WHAT IS BEING ASKED: Sift the listing for lines that hold the string "MERDIVEN" and pull them out.

AVAILABLE DATA:
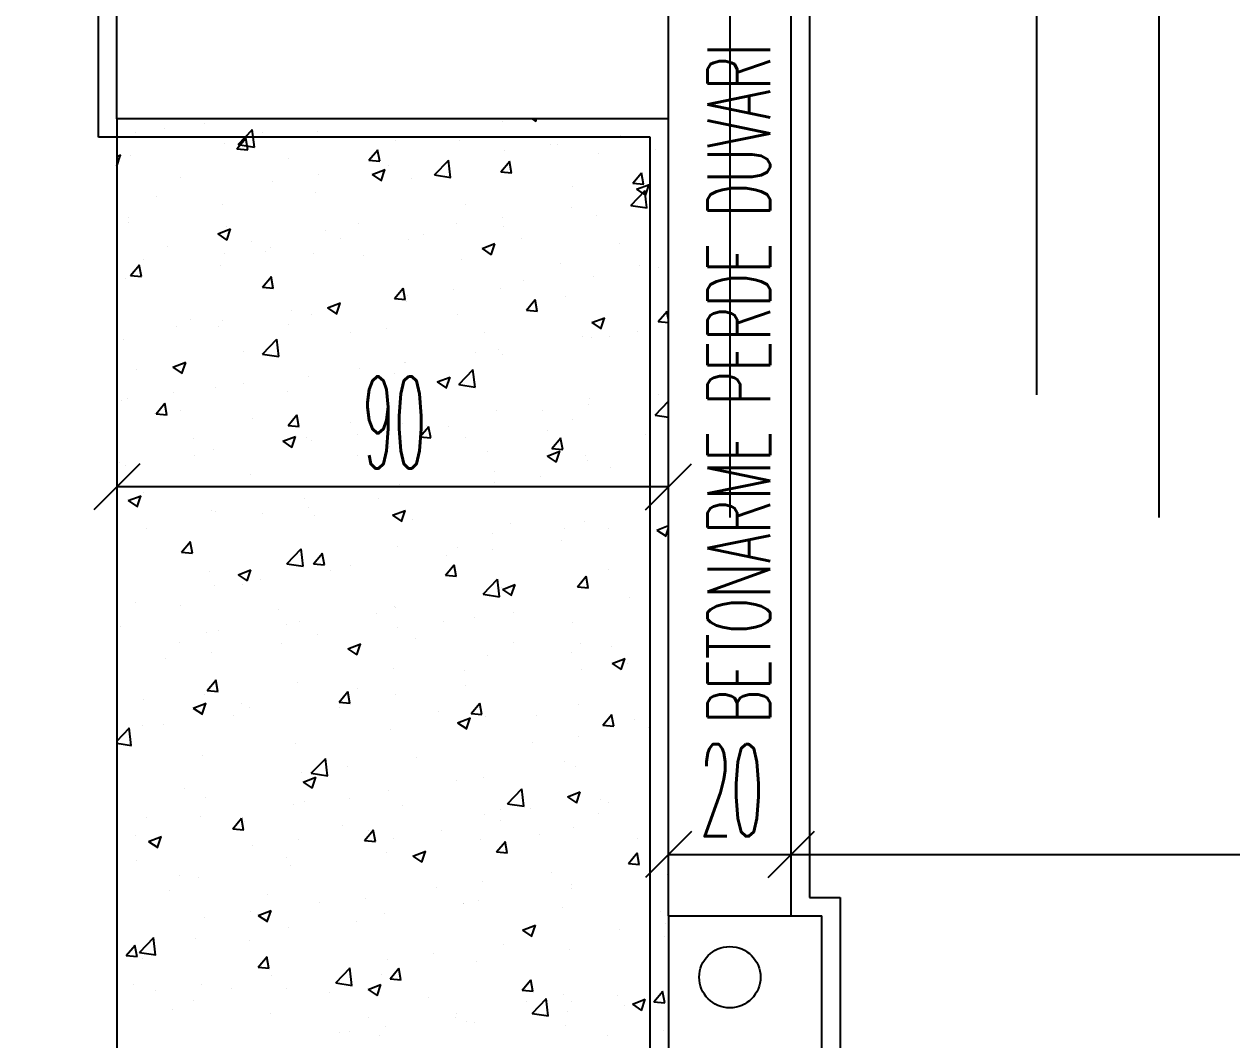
# Model space of a CAD drawing. Extents: x 78 to 306, y -397 to 18.
# Drawn here: x 271.11812 to 271.15752, y -396.6976 to -396.66447 of the extents above; entities that cross this region are included whole.
import ezdxf

# ---------------------------------------------------------------- set-up
doc = ezdxf.new("R2010")
doc.units = 0
doc.header["$LTSCALE"] = 0.5
doc.header["$MEASUREMENT"] = 0
doc.linetypes.add('DASHDOT2', pattern=[0.5, 0.25, -0.125, 0, -0.125])
doc.layers.get('0').update_dxf_attribs({"linetype": 'CONTINUOUS'})
for name, color, linetype in [('AKS', 5, 'DASHDOT2'), ('ASHADE', 7, 'CONTINUOUS'), ('DUVAR', 6, 'CONTINUOUS'), ('KOLON', 4, 'CONTINUOUS'), ('MERDIVEN', 3, 'CONTINUOUS'), ('OLCU', 31, 'CONTINUOUS'), ('SIVA', 7, 'CONTINUOUS'), ('TARAMA', 8, 'CONTINUOUS')]:
    doc.layers.add(name, color=color, linetype=linetype)
doc.styles.add('OLCU', font='romans.shx', dxfattribs={"width": 0.6, "height": 0.125})
doc.styles.add('OLCUIC', font='ROMANS.SHX', dxfattribs={"width": 0.4, "height": 0.15})

msp = doc.modelspace()

# ---------------------------------------------------------------- linework, layer by layer
at = {"color": 0, "linetype": 'ByBlock'}
for p, q in [((271.121894, -396.67881), (271.120394, -396.68031)), ((271.138394, -396.68031), (271.139894, -396.67881)), ((271.139894, -396.69081), (271.138394, -396.69231)), ((271.143894, -396.69081), (271.142394, -396.69231)), ((271.142394, -396.69231), (271.143894, -396.69081))]:
    msp.add_line(p, q, dxfattribs=at)
at = {"layer": 'AKS'}
for p, q in [((271.151144, -396.35156), (271.151144, -396.83956)), ((271.141144, -396.35556), (271.141144, -396.83556)), ((271.155144, -396.35556), (271.155144, -396.83556)), ((271.333144, -396.69556), (271.037144, -396.69556))]:
    msp.add_line(p, q, dxfattribs=at)
at = {"layer": 'ASHADE'}
msp.add_circle((271.141144, -396.69556), 0.001, dxfattribs=at)
at = {"layer": 'DUVAR'}
for p, q in [((271.121144, -396.66756), (271.121144, -396.63856)), ((271.139144, -396.69356), (271.139144, -396.66056)), ((271.143144, -396.69356), (271.143144, -396.66056)), ((271.139144, -396.66756), (271.121144, -396.66756))]:
    msp.add_line(p, q, dxfattribs=at)
at = {"layer": 'KOLON'}
for p, q in [((271.139144, -396.69356), (271.139144, -396.72756)), ((271.139144, -396.69356), (271.144144, -396.69356)), ((271.144144, -396.72756), (271.144144, -396.69356))]:
    msp.add_line(p, q, dxfattribs=at)
at = {"layer": 'MERDIVEN'}
msp.add_line((271.121144, -396.66756), (271.121144, -396.75156), dxfattribs=at)
at = {"layer": 'OLCU', "linetype": 'ByBlock'}
msp.add_line((271.139144, -396.67956), (271.121144, -396.67956), dxfattribs=at)
at = {"layer": 'OLCU', "ltscale": 1.4}
for p, q in [((271.139144, -396.69156), (271.143144, -396.69156)), ((271.143144, -396.69156), (271.523144, -396.69156))]:
    msp.add_line(p, q, dxfattribs=at)
at = {"layer": 'SIVA', "ltscale": 1.4}
for p, q in [((271.120544, -396.66816), (271.120544, -396.63796)), ((271.143744, -396.65996), (271.143744, -396.69296)), ((271.138544, -396.66816), (271.120544, -396.66816)), ((271.138544, -396.69356), (271.138544, -396.66816)), ((271.143744, -396.69296), (271.144744, -396.69296)), ((271.144744, -396.69296), (271.144744, -396.72816)), ((271.138544, -396.72756), (271.138544, -396.69356))]:
    msp.add_line(p, q, dxfattribs=at)
at = {"layer": 'TARAMA'}
for p, q in [((271.1227, -396.667867), (271.1227, -396.667867)), ((271.124022, -396.66772), (271.124022, -396.66772)), ((271.125105, -396.668395), (271.125572, -396.667908)), ((271.125633, -396.668478), (271.125566, -396.667909)), ((271.13373, -396.667658), (271.13373, -396.667658)), ((271.134698, -396.66756), (271.134819, -396.667642)), ((271.134814, -396.667643), (271.134842, -396.66756)), ((271.12175, -396.66802), (271.12175, -396.66802)), ((271.121795, -396.668143), (271.121795, -396.668143)), ((271.125066, -396.668532), (271.125355, -396.668187)), ((271.125419, -396.668565), (271.12535, -396.668189)), ((271.125903, -396.668002), (271.125903, -396.668002)), ((271.1277, -396.667963), (271.1277, -396.667963)), ((271.129106, -396.668138), (271.129106, -396.668138)), ((271.130231, -396.668259), (271.130231, -396.668259)), ((271.132309, -396.668273), (271.132309, -396.668273)), ((271.137572, -396.668095), (271.137572, -396.668095)), ((271.124669, -396.668347), (271.124669, -396.668347)), ((271.125066, -396.668532), (271.125425, -396.668564)), ((271.125105, -396.668395), (271.125639, -396.668478)), ((271.12937, -396.668909), (271.129659, -396.668564)), ((271.129722, -396.668941), (271.129653, -396.668565)), ((271.133797, -396.668592), (271.133797, -396.668592)), ((271.135299, -396.668394), (271.135299, -396.668394)), ((271.135511, -396.668408), (271.135511, -396.668408)), ((271.136854, -396.668704), (271.136854, -396.668704)), ((271.138714, -396.668544), (271.138714, -396.668544)), ((271.121144, -396.668785), (271.121277, -396.668734)), ((271.121144, -396.669089), (271.121155, -396.669097)), ((271.121149, -396.669098), (271.121271, -396.668735)), ((271.121588, -396.668769), (271.121588, -396.668769)), ((271.126732, -396.668859), (271.126732, -396.668859)), ((271.12937, -396.668909), (271.129728, -396.66894)), ((271.130008, -396.669091), (271.130008, -396.669091)), ((271.131508, -396.669389), (271.131976, -396.668902)), ((271.132036, -396.669471), (271.13197, -396.668902)), ((271.133673, -396.669285), (271.133962, -396.66894)), ((271.133824, -396.669088), (271.133824, -396.669088)), ((271.134026, -396.669318), (271.133957, -396.668942)), ((271.123233, -396.66946), (271.123233, -396.66946)), ((271.127735, -396.66939), (271.127735, -396.66939)), ((271.12948, -396.669376), (271.1299, -396.669215)), ((271.12948, -396.669376), (271.129778, -396.669577)), ((271.129772, -396.669578), (271.129894, -396.669216)), ((271.131508, -396.669389), (271.132042, -396.669471)), ((271.133673, -396.669285), (271.134032, -396.669317)), ((271.137977, -396.669662), (271.138266, -396.669317)), ((271.13833, -396.669694), (271.13826, -396.669318)), ((271.126233, -396.669588), (271.126233, -396.669588)), ((271.130743, -396.66951), (271.130743, -396.66951)), ((271.136021, -396.669758), (271.136021, -396.669758)), ((271.137977, -396.669662), (271.138335, -396.669693)), ((271.138102, -396.669856), (271.138522, -396.669695)), ((271.138102, -396.669856), (271.138401, -396.670058)), ((271.138395, -396.670059), (271.138517, -396.669696)), ((271.122444, -396.670087), (271.122444, -396.670087)), ((271.127627, -396.66996), (271.127627, -396.66996)), ((271.137912, -396.670382), (271.138379, -396.669895)), ((271.13844, -396.670465), (271.138373, -396.669895)), ((271.124596, -396.670344), (271.124596, -396.670344)), ((271.132522, -396.670358), (271.132522, -396.670358)), ((271.135993, -396.670462), (271.135993, -396.670462)), ((271.137912, -396.670382), (271.138446, -396.670464)), ((271.121515, -396.670767), (271.121515, -396.670767)), ((271.121531, -396.670933), (271.121531, -396.670933)), ((271.124734, -396.671068), (271.124734, -396.671068)), ((271.129023, -396.670959), (271.129023, -396.670959)), ((271.132219, -396.670959), (271.132219, -396.670959)), ((271.133721, -396.670761), (271.133721, -396.670761)), ((271.136781, -396.670701), (271.136781, -396.670701)), ((271.124438, -396.671311), (271.124858, -396.67115)), ((271.124438, -396.671311), (271.124737, -396.671512)), ((271.124731, -396.671514), (271.124853, -396.671151)), ((271.127937, -396.671204), (271.127937, -396.671204)), ((271.128429, -396.671458), (271.128429, -396.671458)), ((271.13114, -396.671339), (271.13114, -396.671339)), ((271.133751, -396.671085), (271.133751, -396.671085)), ((271.122796, -396.671739), (271.122796, -396.671739)), ((271.125524, -396.67156), (271.125524, -396.67156)), ((271.126157, -396.671757), (271.126157, -396.671757)), ((271.13067, -396.671508), (271.13067, -396.671508)), ((271.133061, -396.671792), (271.133481, -396.67163)), ((271.133061, -396.671792), (271.133359, -396.671993)), ((271.133354, -396.671994), (271.133475, -396.671632)), ((271.134343, -396.671474), (271.134343, -396.671474)), ((271.137546, -396.67161), (271.137546, -396.67161)), ((271.122025, -396.67216), (271.122025, -396.67216)), ((271.124655, -396.671954), (271.124655, -396.671954)), ((271.125999, -396.671874), (271.125999, -396.671874)), ((271.127554, -396.671958), (271.127554, -396.671958)), ((271.129202, -396.672009), (271.129202, -396.672009)), ((271.132405, -396.672145), (271.132405, -396.672145)), ((271.121595, -396.672669), (271.121884, -396.672324)), ((271.121948, -396.672701), (271.121878, -396.672325)), ((271.124523, -396.672342), (271.124523, -396.672342)), ((271.135608, -396.67228), (271.135608, -396.67228)), ((271.138204, -396.672329), (271.138204, -396.672329)), ((271.138811, -396.672415), (271.138811, -396.672415)), ((271.121442, -396.672764), (271.121442, -396.672764)), ((271.121595, -396.672669), (271.121954, -396.6727)), ((271.125899, -396.673045), (271.126188, -396.672701)), ((271.126251, -396.673078), (271.126182, -396.672702)), ((271.134415, -396.672828), (271.134415, -396.672828)), ((271.136708, -396.672699), (271.136708, -396.672699)), ((271.125899, -396.673045), (271.126257, -396.673077)), ((271.130202, -396.673422), (271.130491, -396.673077)), ((271.130202, -396.673422), (271.130561, -396.673453)), ((271.130555, -396.673454), (271.130486, -396.673078)), ((271.13064, -396.673325), (271.13064, -396.673325)), ((271.132142, -396.673127), (271.132142, -396.673127)), ((271.133678, -396.673083), (271.133678, -396.673083)), ((271.135774, -396.673338), (271.135774, -396.673338)), ((271.126851, -396.673824), (271.126851, -396.673824)), ((271.12802, -396.673727), (271.12844, -396.673565)), ((271.12802, -396.673727), (271.128318, -396.673928)), ((271.128312, -396.673929), (271.128434, -396.673567)), ((271.130597, -396.673505), (271.130597, -396.673505)), ((271.134506, -396.673798), (271.134795, -396.673454)), ((271.134506, -396.673798), (271.134864, -396.67383)), ((271.134859, -396.673831), (271.134789, -396.673455)), ((271.138809, -396.674175), (271.139098, -396.67383)), ((271.139144, -396.674109), (271.139093, -396.673831)), ((271.123541, -396.674118), (271.123541, -396.674118)), ((271.124579, -396.674123), (271.124579, -396.674123)), ((271.127481, -396.673955), (271.127481, -396.673955)), ((271.132275, -396.673938), (271.132275, -396.673938)), ((271.136642, -396.674207), (271.137063, -396.674046)), ((271.136642, -396.674207), (271.136941, -396.674409)), ((271.136935, -396.67441), (271.137057, -396.674047)), ((271.138809, -396.674175), (271.139144, -396.674204)), ((271.123077, -396.674321), (271.123077, -396.674321)), ((271.12445, -396.674339), (271.12445, -396.674339)), ((271.126743, -396.674253), (271.126743, -396.674253)), ((271.128775, -396.674539), (271.128775, -396.674539)), ((271.129946, -396.674389), (271.129946, -396.674389)), ((271.133149, -396.674524), (271.133149, -396.674524)), ((271.138128, -396.674498), (271.138128, -396.674498)), ((271.12137, -396.674762), (271.12137, -396.674762)), ((271.125901, -396.675233), (271.126368, -396.674746)), ((271.126428, -396.675316), (271.126362, -396.674746)), ((271.136352, -396.674659), (271.136352, -396.674659)), ((271.136626, -396.674696), (271.136626, -396.674696)), ((271.136635, -396.674696), (271.136635, -396.674696)), ((271.137211, -396.674655), (271.137211, -396.674655)), ((271.125276, -396.67514), (271.125276, -396.67514)), ((271.125901, -396.675233), (271.126434, -396.675316)), ((271.132836, -396.675195), (271.132836, -396.675195)), ((271.133605, -396.67508), (271.133605, -396.67508)), ((271.133712, -396.675256), (271.133712, -396.675256)), ((271.121777, -396.67574), (271.121777, -396.67574)), ((271.122978, -396.675662), (271.123398, -396.675501)), ((271.122978, -396.675662), (271.123277, -396.675863)), ((271.123271, -396.675864), (271.123393, -396.675502)), ((271.129062, -396.675692), (271.129062, -396.675692)), ((271.130524, -396.675502), (271.130524, -396.675502)), ((271.130564, -396.675494), (271.130564, -396.675494)), ((271.132304, -396.676226), (271.132771, -396.675739)), ((271.132832, -396.676309), (271.132765, -396.675739)), ((271.125273, -396.67619), (271.125273, -396.67619)), ((271.127408, -396.675952), (271.127408, -396.675952)), ((271.130213, -396.675856), (271.130213, -396.675856)), ((271.131601, -396.676142), (271.132021, -396.675981)), ((271.131601, -396.676142), (271.1319, -396.676344)), ((271.131894, -396.676345), (271.132015, -396.675982)), ((271.123, -396.67649), (271.123, -396.67649)), ((271.124377, -396.676336), (271.124377, -396.676336)), ((271.126714, -396.676457), (271.126714, -396.676457)), ((271.132304, -396.676226), (271.132838, -396.676309)), ((271.138822, -396.676565), (271.138822, -396.676565)), ((271.121297, -396.676759), (271.121297, -396.676759)), ((271.121498, -396.676687), (271.121498, -396.676687)), ((271.122427, -396.677182), (271.122717, -396.676837)), ((271.12278, -396.677215), (271.122711, -396.676838)), ((271.136549, -396.676865), (271.136549, -396.676865)), ((271.136562, -396.676693), (271.136562, -396.676693)), ((271.138707, -396.67722), (271.139144, -396.676765)), ((271.122372, -396.677184), (271.122372, -396.677184)), ((271.122427, -396.677182), (271.122786, -396.677213)), ((271.123215, -396.677058), (271.123215, -396.677058)), ((271.125575, -396.677319), (271.125575, -396.677319)), ((271.126731, -396.677558), (271.12702, -396.677214)), ((271.127084, -396.677591), (271.127015, -396.677215)), ((271.133532, -396.677077), (271.133532, -396.677077)), ((271.135047, -396.677062), (271.135047, -396.677062)), ((271.136004, -396.677356), (271.136004, -396.677356)), ((271.138707, -396.67722), (271.139144, -396.677287)), ((271.126731, -396.677558), (271.12709, -396.67759)), ((271.128778, -396.677455), (271.128778, -396.677455)), ((271.130451, -396.6775), (271.130451, -396.6775)), ((271.131035, -396.677935), (271.131324, -396.67759)), ((271.131258, -396.677561), (271.131258, -396.677561)), ((271.131387, -396.677968), (271.131318, -396.677591)), ((271.131981, -396.67759), (271.131981, -396.67759)), ((271.135184, -396.677725), (271.135184, -396.677725)), ((271.123637, -396.67799), (271.123637, -396.67799)), ((271.12656, -396.678078), (271.12698, -396.677916)), ((271.12656, -396.678078), (271.126858, -396.678279)), ((271.12684, -396.678125), (271.12684, -396.678125)), ((271.126852, -396.67828), (271.126974, -396.677918)), ((271.127335, -396.67795), (271.127335, -396.67795)), ((271.127483, -396.678058), (271.127483, -396.678058)), ((271.128985, -396.67786), (271.128985, -396.67786)), ((271.131035, -396.677935), (271.131393, -396.677966)), ((271.132505, -396.677956), (271.132505, -396.677956)), ((271.135338, -396.678311), (271.135627, -396.677967)), ((271.135691, -396.678344), (271.135622, -396.677968)), ((271.138387, -396.677861), (271.138387, -396.677861)), ((271.123694, -396.678557), (271.123694, -396.678557)), ((271.124304, -396.678334), (271.124304, -396.678334)), ((271.129006, -396.678557), (271.129006, -396.678557)), ((271.130043, -396.678261), (271.130043, -396.678261)), ((271.133246, -396.678396), (271.133246, -396.678396)), ((271.135183, -396.678558), (271.135603, -396.678397)), ((271.135183, -396.678558), (271.135481, -396.678759)), ((271.135338, -396.678311), (271.135697, -396.678343)), ((271.135475, -396.678761), (271.135597, -396.678398)), ((271.136449, -396.678531), (271.136449, -396.678531)), ((271.121224, -396.678756), (271.121224, -396.678756)), ((271.121422, -396.678856), (271.121422, -396.678856)), ((271.13649, -396.678691), (271.13649, -396.678691)), ((271.137243, -396.678932), (271.137243, -396.678932)), ((271.125506, -396.679157), (271.125506, -396.679157)), ((271.133459, -396.679075), (271.133459, -396.679075)), ((271.134971, -396.679231), (271.134971, -396.679231)), ((271.130378, -396.679497), (271.130378, -396.679497)), ((271.133469, -396.679429), (271.133469, -396.679429)), ((271.121518, -396.680013), (271.121939, -396.679852)), ((271.121518, -396.680013), (271.121817, -396.680214)), ((271.121811, -396.680215), (271.121933, -396.679853)), ((271.122007, -396.679758), (271.122007, -396.679758)), ((271.127262, -396.679947), (271.127262, -396.679947)), ((271.129679, -396.679928), (271.129679, -396.679928)), ((271.121178, -396.680234), (271.121178, -396.680234)), ((271.124231, -396.680331), (271.124231, -396.680331)), ((271.124381, -396.680369), (271.124381, -396.680369)), ((271.125905, -396.680425), (271.125905, -396.680425)), ((271.127407, -396.680227), (271.127407, -396.680227)), ((271.127584, -396.680505), (271.127584, -396.680505)), ((271.130141, -396.680493), (271.130561, -396.680332)), ((271.130141, -396.680493), (271.13044, -396.680695)), ((271.130434, -396.680696), (271.130556, -396.680333)), ((271.121151, -396.680754), (271.121151, -396.680754)), ((271.122116, -396.680923), (271.122116, -396.680923)), ((271.130787, -396.68064), (271.130787, -396.68064)), ((271.13399, -396.680775), (271.13399, -396.680775)), ((271.136417, -396.680688), (271.136417, -396.680688)), ((271.137193, -396.680911), (271.137193, -396.680911)), ((271.138764, -396.680974), (271.139144, -396.680828)), ((271.139057, -396.681176), (271.139144, -396.680916)), ((271.133386, -396.681072), (271.133386, -396.681072)), ((271.135665, -396.681298), (271.135665, -396.681298)), ((271.135756, -396.680936), (271.135756, -396.680936)), ((271.138764, -396.680974), (271.139062, -396.681175)), ((271.12326, -396.681695), (271.123549, -396.68135)), ((271.12326, -396.681695), (271.123619, -396.681726)), ((271.123613, -396.681728), (271.123543, -396.681352)), ((271.126696, -396.682071), (271.127163, -396.681584)), ((271.127224, -396.682154), (271.127157, -396.681584)), ((271.130305, -396.681495), (271.130305, -396.681495)), ((271.132257, -396.681536), (271.132257, -396.681536)), ((271.133392, -396.681597), (271.133392, -396.681597)), ((271.126696, -396.682071), (271.12723, -396.682154)), ((271.127189, -396.681944), (271.127189, -396.681944)), ((271.127564, -396.682072), (271.127853, -396.681727)), ((271.127564, -396.682072), (271.127922, -396.682103)), ((271.127916, -396.682104), (271.127847, -396.681728)), ((271.131867, -396.682448), (271.132156, -396.682103)), ((271.13189, -396.681795), (271.13189, -396.681795)), ((271.13222, -396.682481), (271.132151, -396.682105)), ((271.124158, -396.682329), (271.124158, -396.682329)), ((271.1251, -396.682429), (271.12552, -396.682267)), ((271.1251, -396.682429), (271.125398, -396.68263)), ((271.125393, -396.682631), (271.125514, -396.682269)), ((271.128101, -396.682294), (271.128101, -396.682294)), ((271.128758, -396.682137), (271.128758, -396.682137)), ((271.131867, -396.682448), (271.132226, -396.682479)), ((271.136171, -396.682825), (271.13646, -396.68248)), ((271.136524, -396.682857), (271.136454, -396.682481)), ((271.137194, -396.682253), (271.137194, -396.682253)), ((271.124327, -396.682791), (271.124327, -396.682791)), ((271.125259, -396.682737), (271.125259, -396.682737)), ((271.125829, -396.682593), (271.125829, -396.682593)), ((271.133099, -396.683064), (271.133567, -396.682577)), ((271.133627, -396.683147), (271.133561, -396.682577)), ((271.133695, -396.682854), (271.133695, -396.682854)), ((271.133723, -396.682909), (271.134143, -396.682748)), ((271.134015, -396.683112), (271.134137, -396.682749)), ((271.136171, -396.682825), (271.136529, -396.682856)), ((271.136344, -396.682685), (271.136344, -396.682685)), ((271.133099, -396.683064), (271.133633, -396.683147)), ((271.133313, -396.683069), (271.133313, -396.683069)), ((271.133723, -396.682909), (271.134021, -396.68311)), ((271.137876, -396.683166), (271.137876, -396.683166)), ((271.12176, -396.683338), (271.12176, -396.683338)), ((271.123213, -396.683435), (271.123213, -396.683435)), ((271.126416, -396.683571), (271.126416, -396.683571)), ((271.130195, -396.683454), (271.130195, -396.683454)), ((271.130232, -396.683492), (271.130232, -396.683492)), ((271.134086, -396.683665), (271.134086, -396.683665)), ((271.126696, -396.684055), (271.126696, -396.684055)), ((271.127116, -396.683942), (271.127116, -396.683942)), ((271.129619, -396.683706), (271.129619, -396.683706)), ((271.131814, -396.683964), (271.131814, -396.683964)), ((271.132822, -396.683841), (271.132822, -396.683841)), ((271.136025, -396.683977), (271.136025, -396.683977)), ((271.121275, -396.684106), (271.121275, -396.684106)), ((271.124085, -396.684326), (271.124085, -396.684326)), ((271.124478, -396.684241), (271.124478, -396.684241)), ((271.127681, -396.684376), (271.127681, -396.684376)), ((271.130312, -396.684162), (271.130312, -396.684162)), ((271.123197, -396.684655), (271.123197, -396.684655)), ((271.126523, -396.684661), (271.126523, -396.684661)), ((271.128681, -396.684844), (271.129101, -396.684683)), ((271.128681, -396.684844), (271.12898, -396.685046)), ((271.128974, -396.685047), (271.129096, -396.684684)), ((271.130884, -396.684512), (271.130884, -396.684512)), ((271.134087, -396.684647), (271.134087, -396.684647)), ((271.136271, -396.684683), (271.136271, -396.684683)), ((271.13729, -396.684782), (271.13729, -396.684782)), ((271.122748, -396.685157), (271.122748, -396.685157)), ((271.12425, -396.68496), (271.12425, -396.68496)), ((271.13324, -396.685067), (271.13324, -396.685067)), ((271.135986, -396.684953), (271.135986, -396.684953)), ((271.137304, -396.685325), (271.137724, -396.685163)), ((271.137597, -396.685527), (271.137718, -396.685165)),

YOUR SOLUTION:
for name, color, linetype in [('AKS', 5, 'DASHDOT2'), ('ASHADE', 7, 'CONTINUOUS'), ('DUVAR', 6, 'CONTINUOUS'), ('KOLON', 4, 'CONTINUOUS'), ('MERDIVEN', 3, 'CONTINUOUS'), ('OLCU', 31, 'CONTINUOUS'), ('SIVA', 7, 'CONTINUOUS'), ('TARAMA', 8, 'CONTINUOUS')]:
at = {"layer": 'MERDIVEN'}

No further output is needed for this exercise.